Let ${X_n}$ be an IID sample such that ${X_i} \sim N(\mu,\sigma^2)$. When both $\mu$ and $\sigma$ are unknown, we construct $t(\hat{\mu},s)=\dfrac{\sqrt{n}(\hat{\mu}-\mu)}{s}$, where $s$ is the sample standard deviation.
The statistic $t(\hat{\mu},s)$ follows t-distribution exactly. I wish to know the asymptotic distribution of $t(\hat{\mu},s)$.
I understand that by Continuous Mapping theorem under certain conditions, if $\hat{\mu} \xrightarrow{d} X \sim N(\mu,\sigma^2/n)$ then $h(\hat{\mu}) \xrightarrow{d} h(X)$. However, in case of $t(\hat{\mu},s)$, it is a function of two random variables. So how to derive its asymptotic distribution?
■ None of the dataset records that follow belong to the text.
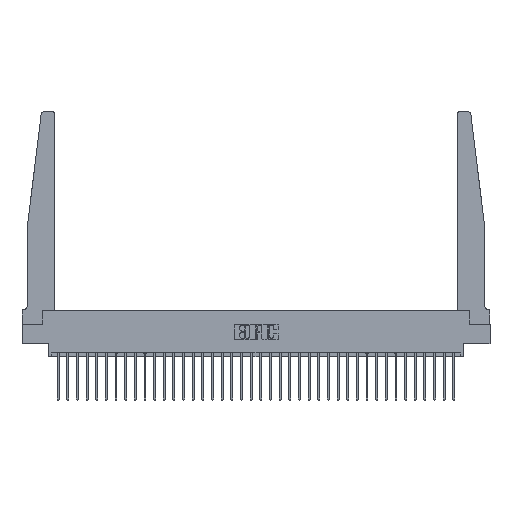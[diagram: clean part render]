
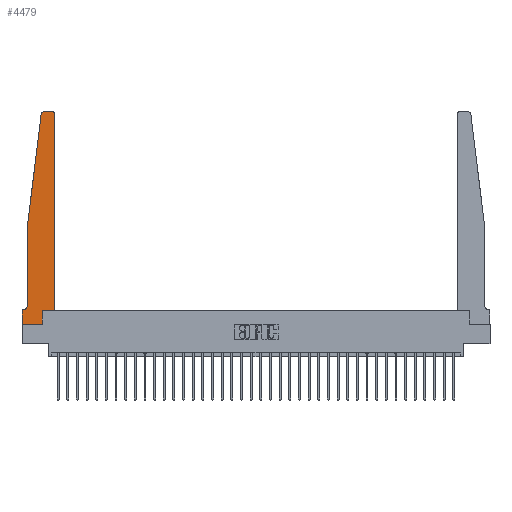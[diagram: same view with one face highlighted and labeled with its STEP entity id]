
A CAD part, top view. The second image highlights one B-rep face of the part: STEP entity #4479.
In plain terms, the highlighted planar face has unit normal (0, 0, 1).
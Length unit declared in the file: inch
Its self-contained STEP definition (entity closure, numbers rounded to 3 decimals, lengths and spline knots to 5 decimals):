
#451 = VERTEX_POINT ( 'NONE', #2057 ) ;
#672 = DIRECTION ( 'NONE',  ( 0., 0., -1. ) ) ;
#756 = DIRECTION ( 'NONE',  ( 1., 0., 0. ) ) ;
#1210 = LINE ( 'NONE', #25084, #8964 ) ;
#1281 = VERTEX_POINT ( 'NONE', #22689 ) ;
#1460 = AXIS2_PLACEMENT_3D ( 'NONE', #5326, #22898, #5655 ) ;
#2057 = CARTESIAN_POINT ( 'NONE',  ( 0.395, 2.75, 0.37 ) ) ;
#2105 = ORIENTED_EDGE ( 'NONE', *, *, #19250, .T. ) ;
#2108 = CARTESIAN_POINT ( 'NONE',  ( 0.24675, 2.72367, 0.37 ) ) ;
#2109 = VERTEX_POINT ( 'NONE', #32753 ) ;
#2473 = LINE ( 'NONE', #30015, #15843 ) ;
#2859 = CARTESIAN_POINT ( 'NONE',  ( 0., 0., 0.37 ) ) ;
#2950 = VECTOR ( 'NONE', #26518, 39.37008 ) ;
#3407 = CARTESIAN_POINT ( 'NONE',  ( 0.27653, 2.75, 0.37 ) ) ;
#3646 = CARTESIAN_POINT ( 'NONE',  ( 0.065, 1.25, 0.37 ) ) ;
#3834 = ORIENTED_EDGE ( 'NONE', *, *, #4764, .T. ) ;
#3947 = CARTESIAN_POINT ( 'NONE',  ( 0.25, 2.75, 0.37 ) ) ;
#4479 = ADVANCED_FACE ( 'NONE', ( #31121 ), #26302, .T. ) ;
#4701 = CARTESIAN_POINT ( 'NONE',  ( 0., 0., 0.37 ) ) ;
#4764 = EDGE_CURVE ( 'NONE', #9846, #22419, #28123, .T. ) ;
#5036 = DIRECTION ( 'NONE',  ( -0.122, -0.992, 0. ) ) ;
#5326 = CARTESIAN_POINT ( 'NONE',  ( 0.395, 2.72, 0.37 ) ) ;
#5402 = EDGE_CURVE ( 'NONE', #451, #24563, #18088, .T. ) ;
#5514 = CARTESIAN_POINT ( 'NONE',  ( 0., 0., 0.37 ) ) ;
#5655 = DIRECTION ( 'NONE',  ( 1., 0., 0. ) ) ;
#5840 = LINE ( 'NONE', #5514, #9477 ) ;
#6005 = ORIENTED_EDGE ( 'NONE', *, *, #23343, .T. ) ;
#6388 = CARTESIAN_POINT ( 'NONE',  ( 0.065, 0.1875, 0.37 ) ) ;
#6679 = DIRECTION ( 'NONE',  ( 0., 0., 1. ) ) ;
#6789 = DIRECTION ( 'NONE',  ( 1., 0., 0. ) ) ;
#6867 = CARTESIAN_POINT ( 'NONE',  ( 0.015, 0.1875, 0.37 ) ) ;
#7333 = ORIENTED_EDGE ( 'NONE', *, *, #17244, .T. ) ;
#8092 = LINE ( 'NONE', #13062, #10654 ) ;
#8253 = DIRECTION ( 'NONE',  ( 0., 1., 0. ) ) ;
#8332 = VERTEX_POINT ( 'NONE', #6867 ) ;
#8348 = CIRCLE ( 'NONE', #1460, 0.03 ) ;
#8964 = VECTOR ( 'NONE', #19590, 39.37008 ) ;
#9317 = VECTOR ( 'NONE', #17483, 39.37008 ) ;
#9477 = VECTOR ( 'NONE', #28581, 39.37008 ) ;
#9616 = CARTESIAN_POINT ( 'NONE',  ( 0.2605, 0., 0.37 ) ) ;
#9846 = VERTEX_POINT ( 'NONE', #2108 ) ;
#10014 = DIRECTION ( 'NONE',  ( 1., 0., 0. ) ) ;
#10654 = VECTOR ( 'NONE', #8253, 39.37008 ) ;
#10725 = DIRECTION ( 'NONE',  ( 0., 0., 1. ) ) ;
#11498 = EDGE_CURVE ( 'NONE', #18028, #1281, #12670, .T. ) ;
#11916 = EDGE_CURVE ( 'NONE', #24563, #9846, #31585, .T. ) ;
#12670 = LINE ( 'NONE', #15327, #9317 ) ;
#12823 = ORIENTED_EDGE ( 'NONE', *, *, #14832, .T. ) ;
#13062 = CARTESIAN_POINT ( 'NONE',  ( 0.2605, 0.18, 0.37 ) ) ;
#13711 = CIRCLE ( 'NONE', #32274, 0.05 ) ;
#14471 = CARTESIAN_POINT ( 'NONE',  ( 0.27653, 2.72, 0.37 ) ) ;
#14832 = EDGE_CURVE ( 'NONE', #28659, #30726, #17297, .T. ) ;
#15137 = ORIENTED_EDGE ( 'NONE', *, *, #29167, .T. ) ;
#15327 = CARTESIAN_POINT ( 'NONE',  ( 0.425, 0.18, 0.37 ) ) ;
#15346 = EDGE_CURVE ( 'NONE', #16832, #8332, #13711, .T. ) ;
#15634 = EDGE_CURVE ( 'NONE', #23661, #18028, #2473, .T. ) ;
#15843 = VECTOR ( 'NONE', #6789, 39.37008 ) ;
#16813 = AXIS2_PLACEMENT_3D ( 'NONE', #31294, #10725, #756 ) ;
#16832 = VERTEX_POINT ( 'NONE', #21111 ) ;
#17244 = EDGE_CURVE ( 'NONE', #2109, #28659, #5840, .T. ) ;
#17297 = LINE ( 'NONE', #4701, #18984 ) ;
#17483 = DIRECTION ( 'NONE',  ( 0., 1., 0. ) ) ;
#18028 = VERTEX_POINT ( 'NONE', #19686 ) ;
#18088 = LINE ( 'NONE', #3947, #2950 ) ;
#18984 = VECTOR ( 'NONE', #10014, 39.37008 ) ;
#19250 = EDGE_CURVE ( 'NONE', #30726, #23661, #8092, .T. ) ;
#19252 = ORIENTED_EDGE ( 'NONE', *, *, #31466, .T. ) ;
#19590 = DIRECTION ( 'NONE',  ( 0., -1., 0. ) ) ;
#19686 = CARTESIAN_POINT ( 'NONE',  ( 0.425, 0.18, 0.37 ) ) ;
#20570 = ORIENTED_EDGE ( 'NONE', *, *, #11916, .T. ) ;
#21111 = CARTESIAN_POINT ( 'NONE',  ( 0.065, 0.2375, 0.37 ) ) ;
#21954 = DIRECTION ( 'NONE',  ( -1., 0., 0. ) ) ;
#22419 = VERTEX_POINT ( 'NONE', #3646 ) ;
#22689 = CARTESIAN_POINT ( 'NONE',  ( 0.425, 2.72, 0.37 ) ) ;
#22898 = DIRECTION ( 'NONE',  ( 0., 0., 1. ) ) ;
#23091 = EDGE_LOOP ( 'NONE', ( #30094, #20570, #3834, #19252, #29002, #6005, #7333, #12823, #2105, #32368, #30502, #15137 ) ) ;
#23343 = EDGE_CURVE ( 'NONE', #8332, #2109, #28961, .T. ) ;
#23445 = CARTESIAN_POINT ( 'NONE',  ( 0.2605, 0.18, 0.37 ) ) ;
#23560 = CARTESIAN_POINT ( 'NONE',  ( 0.015, 0.2375, 0.37 ) ) ;
#23661 = VERTEX_POINT ( 'NONE', #23445 ) ;
#24563 = VERTEX_POINT ( 'NONE', #3407 ) ;
#25084 = CARTESIAN_POINT ( 'NONE',  ( 0.065, 1.25, 0.37 ) ) ;
#25459 = CARTESIAN_POINT ( 'NONE',  ( 0.065, 1.25, 0.37 ) ) ;
#26302 = PLANE ( 'NONE',  #16813 ) ;
#26518 = DIRECTION ( 'NONE',  ( -1., 0., 0. ) ) ;
#27893 = DIRECTION ( 'NONE',  ( -1., 0., 0. ) ) ;
#28123 = LINE ( 'NONE', #25459, #28692 ) ;
#28581 = DIRECTION ( 'NONE',  ( 0., -1., 0. ) ) ;
#28659 = VERTEX_POINT ( 'NONE', #2859 ) ;
#28692 = VECTOR ( 'NONE', #5036, 39.37008 ) ;
#28961 = LINE ( 'NONE', #6388, #32557 ) ;
#29002 = ORIENTED_EDGE ( 'NONE', *, *, #15346, .T. ) ;
#29095 = DIRECTION ( 'NONE',  ( 1., 0., 0. ) ) ;
#29167 = EDGE_CURVE ( 'NONE', #1281, #451, #8348, .T. ) ;
#30015 = CARTESIAN_POINT ( 'NONE',  ( 0.425, 0.18, 0.37 ) ) ;
#30094 = ORIENTED_EDGE ( 'NONE', *, *, #5402, .T. ) ;
#30502 = ORIENTED_EDGE ( 'NONE', *, *, #11498, .T. ) ;
#30726 = VERTEX_POINT ( 'NONE', #9616 ) ;
#31121 = FACE_OUTER_BOUND ( 'NONE', #23091, .T. ) ;
#31294 = CARTESIAN_POINT ( 'NONE',  ( 0., 0.1875, 0.37 ) ) ;
#31466 = EDGE_CURVE ( 'NONE', #22419, #16832, #1210, .T. ) ;
#31585 = CIRCLE ( 'NONE', #32646, 0.03 ) ;
#32274 = AXIS2_PLACEMENT_3D ( 'NONE', #23560, #672, #27893 ) ;
#32368 = ORIENTED_EDGE ( 'NONE', *, *, #15634, .T. ) ;
#32557 = VECTOR ( 'NONE', #21954, 39.37008 ) ;
#32646 = AXIS2_PLACEMENT_3D ( 'NONE', #14471, #6679, #29095 ) ;
#32753 = CARTESIAN_POINT ( 'NONE',  ( 0., 0.1875, 0.37 ) ) ;

I also checked Slutsky's theorem. That also requires that at least one of $\hat{\mu}$ and $s$ should converge to a constant. Now by CLT, both converges in distribution to a random variable with normal distribution. However, by combining LLN we may say that $s \xrightarrow{p} \sigma$. Would it be the right way to go?
EDIT: As pointed out in the second comment this is not a duplicate of this. Seemingly $s$ converged in probability to a constant but to a random variable in distribution. This was the main doubt that whether it was okay to ignore the convergence in distribution.